Petit guide pour s’offrir le Congo en une seule leçon. Sur les pas d’Albert Karaziwan, le roi du passeport. Le patron de la firme belge Semlex a mis les petits papiers dans les grands. Auprès du clan Mobutu, puis Kabila. Reconstitution montre en main.

Au début des années 2010, la firme Semlex (basée à Uccle) et son patron belge d’origine syrienne Albert Karaziwan peinent à s’imposer sur le marché congolais. Plus de 60 millions d’habitants à l’époque, une dizaine de plus entre-temps. Une clientèle appréciable pour la livraison de toutes sortes de papiers d’identité hautement sécurisés. Ça tombe bien, les documents, c’est le cœur d’affaires de Semlex.

En ce mois de juin 2010, Albert Karaziwan est briefé par un de ses agents locaux à propos d’un marché de confection des permis de conduire.

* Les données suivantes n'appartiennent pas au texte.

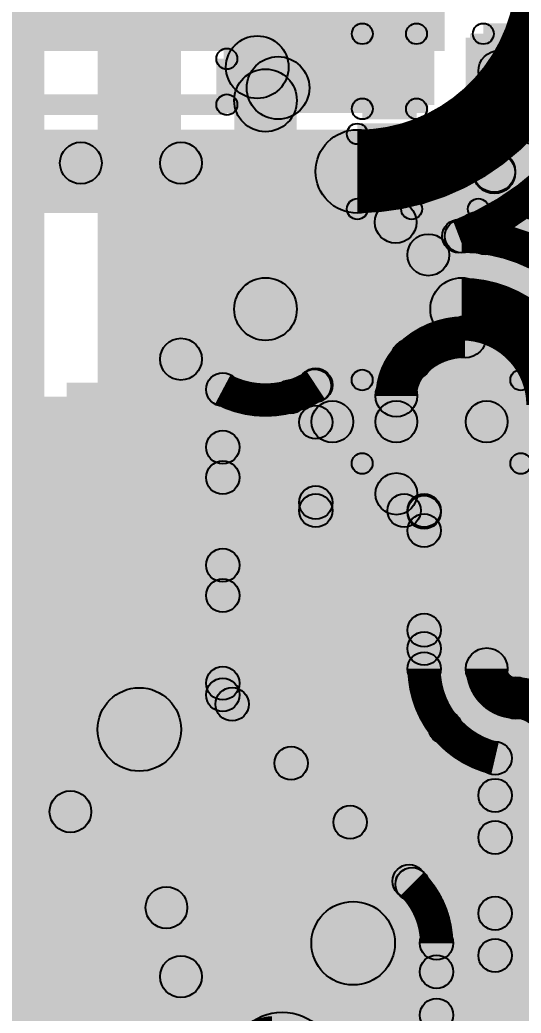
# Model space of a CAD drawing. Header units: millimetres. Extents: x -0.55 to 1.07, y -0.21 to 1.95.
# Drawn here: x -0.0039 to 0.1163, y 0.7132 to 0.9513 of the extents above; entities that cross this region are included whole.
import ezdxf

# ---------------------------------------------------------------- set-up
doc = ezdxf.new("R2010")
doc.units = ezdxf.units.MM
doc.header["$MEASUREMENT"] = 0
for name, color, linetype in [('BottomLayer', 5, 'Continuous'), ('BottomOverlay', 54, 'Continuous'), ('BottomPaste', 16, 'Continuous'), ('BottomSolder', 6, 'Continuous'), ('TopLayer', 1, 'Continuous'), ('TopOverlay', 2, 'Continuous'), ('TopPaste', 8, 'Continuous'), ('TopSolder', 216, 'Continuous'), ('ViaHoleLayer', 16, 'Continuous')]:
    doc.layers.add(name, color=color, linetype=linetype)

# ---------------------------------------------------------------- blocks, each defined once
blk = doc.blocks.new('CAP_0201_B_11')
at = {"layer": 'BottomLayer'}
for points in [[(-0.01772, 0.00591), (-0.00591, 0.00591), (-0.00591, -0.00591), (-0.01772, -0.00591)], [(0.00591, 0.00591), (0.01772, 0.00591), (0.01772, -0.00591), (0.00591, -0.00591)]]:
    blk.add_hatch(color=5, dxfattribs=at).paths.add_polyline_path(points)
at = {"layer": 'BottomOverlay'}
h = blk.add_hatch(color=54, dxfattribs=at)
edge = h.paths.add_edge_path()
edge.add_arc((-0.021, 0.009), 0.0025, 0, 360)
h = blk.add_hatch(color=54, dxfattribs=at)
edge = h.paths.add_edge_path()
edge.add_arc((-0.021, 0.009), 0.0025, 0, 360)
for points in [[(-0.021, 0.0065), (-0.021, 0.0115), (-0.008, 0.0115), (-0.008, 0.0065)], [(0.008, 0.0065), (0.008, 0.0115), (0.021, 0.0115), (0.021, 0.0065)], [(-0.0185, -0.009), (-0.0235, -0.009), (-0.0235, 0.009), (-0.0185, 0.009)], [(0.0235, -0.009), (0.0185, -0.009), (0.0185, 0.009), (0.0235, 0.009)], [(-0.021, -0.0115), (-0.021, -0.0065), (-0.008, -0.0065), (-0.008, -0.0115)], [(0.008, -0.0115), (0.008, -0.0065), (0.021, -0.0065), (0.021, -0.0115)]]:
    blk.add_hatch(color=54, dxfattribs=at).paths.add_polyline_path(points)
h = blk.add_hatch(color=54, dxfattribs=at)
edge = h.paths.add_edge_path()
edge.add_arc((-0.008, 0.009), 0.0025, 0, 360)
h = blk.add_hatch(color=54, dxfattribs=at)
edge = h.paths.add_edge_path()
edge.add_arc((0.008, 0.009), 0.0025, 0, 360)
h = blk.add_hatch(color=54, dxfattribs=at)
edge = h.paths.add_edge_path()
edge.add_arc((0.021, 0.009), 0.0025, 0, 360)
h = blk.add_hatch(color=54, dxfattribs=at)
edge = h.paths.add_edge_path()
edge.add_arc((0.021, 0.009), 0.0025, 0, 360)
h = blk.add_hatch(color=54, dxfattribs=at)
edge = h.paths.add_edge_path()
edge.add_arc((-0.021, -0.009), 0.0025, 0, 360)
h = blk.add_hatch(color=54, dxfattribs=at)
edge = h.paths.add_edge_path()
edge.add_arc((-0.021, -0.009), 0.0025, 0, 360)
h = blk.add_hatch(color=54, dxfattribs=at)
edge = h.paths.add_edge_path()
edge.add_arc((-0.008, -0.009), 0.0025, 0, 360)
h = blk.add_hatch(color=54, dxfattribs=at)
edge = h.paths.add_edge_path()
edge.add_arc((0.008, -0.009), 0.0025, 0, 360)
h = blk.add_hatch(color=54, dxfattribs=at)
edge = h.paths.add_edge_path()
edge.add_arc((0.021, -0.009), 0.0025, 0, 360)
h = blk.add_hatch(color=54, dxfattribs=at)
edge = h.paths.add_edge_path()
edge.add_arc((0.021, -0.009), 0.0025, 0, 360)
at = {"layer": 'BottomPaste'}
for points in [[(-0.01772, 0.00591), (-0.00591, 0.00591), (-0.00591, -0.00591), (-0.01772, -0.00591)], [(0.00591, 0.00591), (0.01772, 0.00591), (0.01772, -0.00591), (0.00591, -0.00591)]]:
    blk.add_hatch(color=16, dxfattribs=at).paths.add_polyline_path(points)
at = {"layer": 'BottomSolder'}
for points in [[(-0.01988, 0.00807), (-0.00374, 0.00807), (-0.00374, -0.00807), (-0.01988, -0.00807)], [(0.00374, 0.00807), (0.01988, 0.00807), (0.01988, -0.00807), (0.00374, -0.00807)]]:
    blk.add_hatch(color=6, dxfattribs=at).paths.add_polyline_path(points)
at = {"layer": 'BottomOverlay'}
for centre in [(-0.021, 0.009), (-0.021, 0.009), (-0.008, 0.009), (0.008, 0.009), (0.021, 0.009), (0.021, 0.009), (-0.021, -0.009), (-0.021, -0.009), (-0.008, -0.009), (0.008, -0.009), (0.021, -0.009), (0.021, -0.009)]:
    blk.add_circle(centre, 0.0025, dxfattribs=at)
blk = doc.blocks.new('R___0201_B_43')
at = {"layer": 'BottomLayer'}
for points in [[(-0.01614, 0.00728), (-0.00551, 0.00728), (-0.00551, -0.00728), (-0.01614, -0.00728)], [(0.00551, 0.00728), (0.01614, 0.00728), (0.01614, -0.00728), (0.00551, -0.00728)]]:
    blk.add_hatch(color=5, dxfattribs=at).paths.add_polyline_path(points)
at = {"layer": 'BottomOverlay'}
h = blk.add_hatch(color=54, dxfattribs=at)
edge = h.paths.add_edge_path()
edge.add_arc((-0.019, 0.01), 0.0025, 0, 360)
h = blk.add_hatch(color=54, dxfattribs=at)
edge = h.paths.add_edge_path()
edge.add_arc((-0.019, 0.01), 0.0025, 0, 360)
for points in [[(-0.019, 0.0075), (-0.019, 0.0125), (0.019, 0.0125), (0.019, 0.0075)], [(-0.0165, -0.01), (-0.0215, -0.01), (-0.0215, 0.01), (-0.0165, 0.01)], [(0.0215, -0.01), (0.0165, -0.01), (0.0165, 0.01), (0.0215, 0.01)], [(-0.019, -0.0125), (-0.019, -0.0075), (0.019, -0.0075), (0.019, -0.0125)]]:
    blk.add_hatch(color=54, dxfattribs=at).paths.add_polyline_path(points)
h = blk.add_hatch(color=54, dxfattribs=at)
edge = h.paths.add_edge_path()
edge.add_arc((0.019, 0.01), 0.0025, 0, 360)
h = blk.add_hatch(color=54, dxfattribs=at)
edge = h.paths.add_edge_path()
edge.add_arc((0.019, 0.01), 0.0025, 0, 360)
h = blk.add_hatch(color=54, dxfattribs=at)
edge = h.paths.add_edge_path()
edge.add_arc((-0.019, -0.01), 0.0025, 0, 360)
h = blk.add_hatch(color=54, dxfattribs=at)
edge = h.paths.add_edge_path()
edge.add_arc((-0.019, -0.01), 0.0025, 0, 360)
h = blk.add_hatch(color=54, dxfattribs=at)
edge = h.paths.add_edge_path()
edge.add_arc((0.019, -0.01), 0.0025, 0, 360)
h = blk.add_hatch(color=54, dxfattribs=at)
edge = h.paths.add_edge_path()
edge.add_arc((0.019, -0.01), 0.0025, 0, 360)
at = {"layer": 'BottomPaste'}
for points in [[(-0.01614, 0.00728), (-0.00551, 0.00728), (-0.00551, -0.00728), (-0.01614, -0.00728)], [(0.00551, 0.00728), (0.01614, 0.00728), (0.01614, -0.00728), (0.00551, -0.00728)]]:
    blk.add_hatch(color=16, dxfattribs=at).paths.add_polyline_path(points)
at = {"layer": 'BottomSolder'}
for points in [[(-0.02014, 0.01128), (-0.00151, 0.01128), (-0.00151, -0.01128), (-0.02014, -0.01128)], [(0.00151, 0.01128), (0.02014, 0.01128), (0.02014, -0.01128), (0.00151, -0.01128)]]:
    blk.add_hatch(color=6, dxfattribs=at).paths.add_polyline_path(points)
at = {"layer": 'BottomOverlay'}
for centre in [(-0.019, 0.01), (-0.019, 0.01), (0.019, 0.01), (0.019, 0.01), (-0.019, -0.01), (-0.019, -0.01), (0.019, -0.01), (0.019, -0.01)]:
    blk.add_circle(centre, 0.0025, dxfattribs=at)
blk = doc.blocks.new('SRU8028_220Y_B_62')
at = {"layer": 'BottomOverlay'}
for points in [[(-0.08546, 0.13446), (-0.09254, 0.14154), (-0.06954, 0.16454), (-0.06246, 0.15746)], [(0.066, 0.166), (0.066, 0.156), (-0.066, 0.156), (-0.066, 0.166)], [(-0.14746, 0.07246), (-0.15454, 0.07954), (-0.09254, 0.14154), (-0.08546, 0.13446)]]:
    blk.add_hatch(color=54, dxfattribs=at).paths.add_polyline_path(points)
h = blk.add_hatch(color=54, dxfattribs=at)
edge = h.paths.add_edge_path()
edge.add_arc((-0.066, 0.161), 0.005, 0, 360)
h = blk.add_hatch(color=54, dxfattribs=at)
edge = h.paths.add_edge_path()
edge.add_arc((-0.066, 0.161), 0.005, 0, 360)
h = blk.add_hatch(color=54, dxfattribs=at)
edge = h.paths.add_edge_path()
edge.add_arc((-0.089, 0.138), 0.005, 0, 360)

Cet agent suggère de déplier le tapis rouge, à Bruxelles, sous les pieds d’un collaborateur d’Adolphe Muzito, qui est alors le Premier ministre de la République démocratique du Congo. Le messager est royalement attendu au siège central de Semlex. Il faut le chouchouter, « lui octroyer des civilités » en le logeant au château de Rivieren (Ganshoren), un joyau du XVIIIe siècle, propriété privée du clan Karaziwan. « Et je trouve ennuyeux, estime le conseiller, si ce n’est pas agrémenté d’une petite enveloppe digne de son rang de directeur de cabinet (…) Maintenant, si c’est pour le recevoir et ne rien lui donner, c’est mieux de repousser cette rencontre. »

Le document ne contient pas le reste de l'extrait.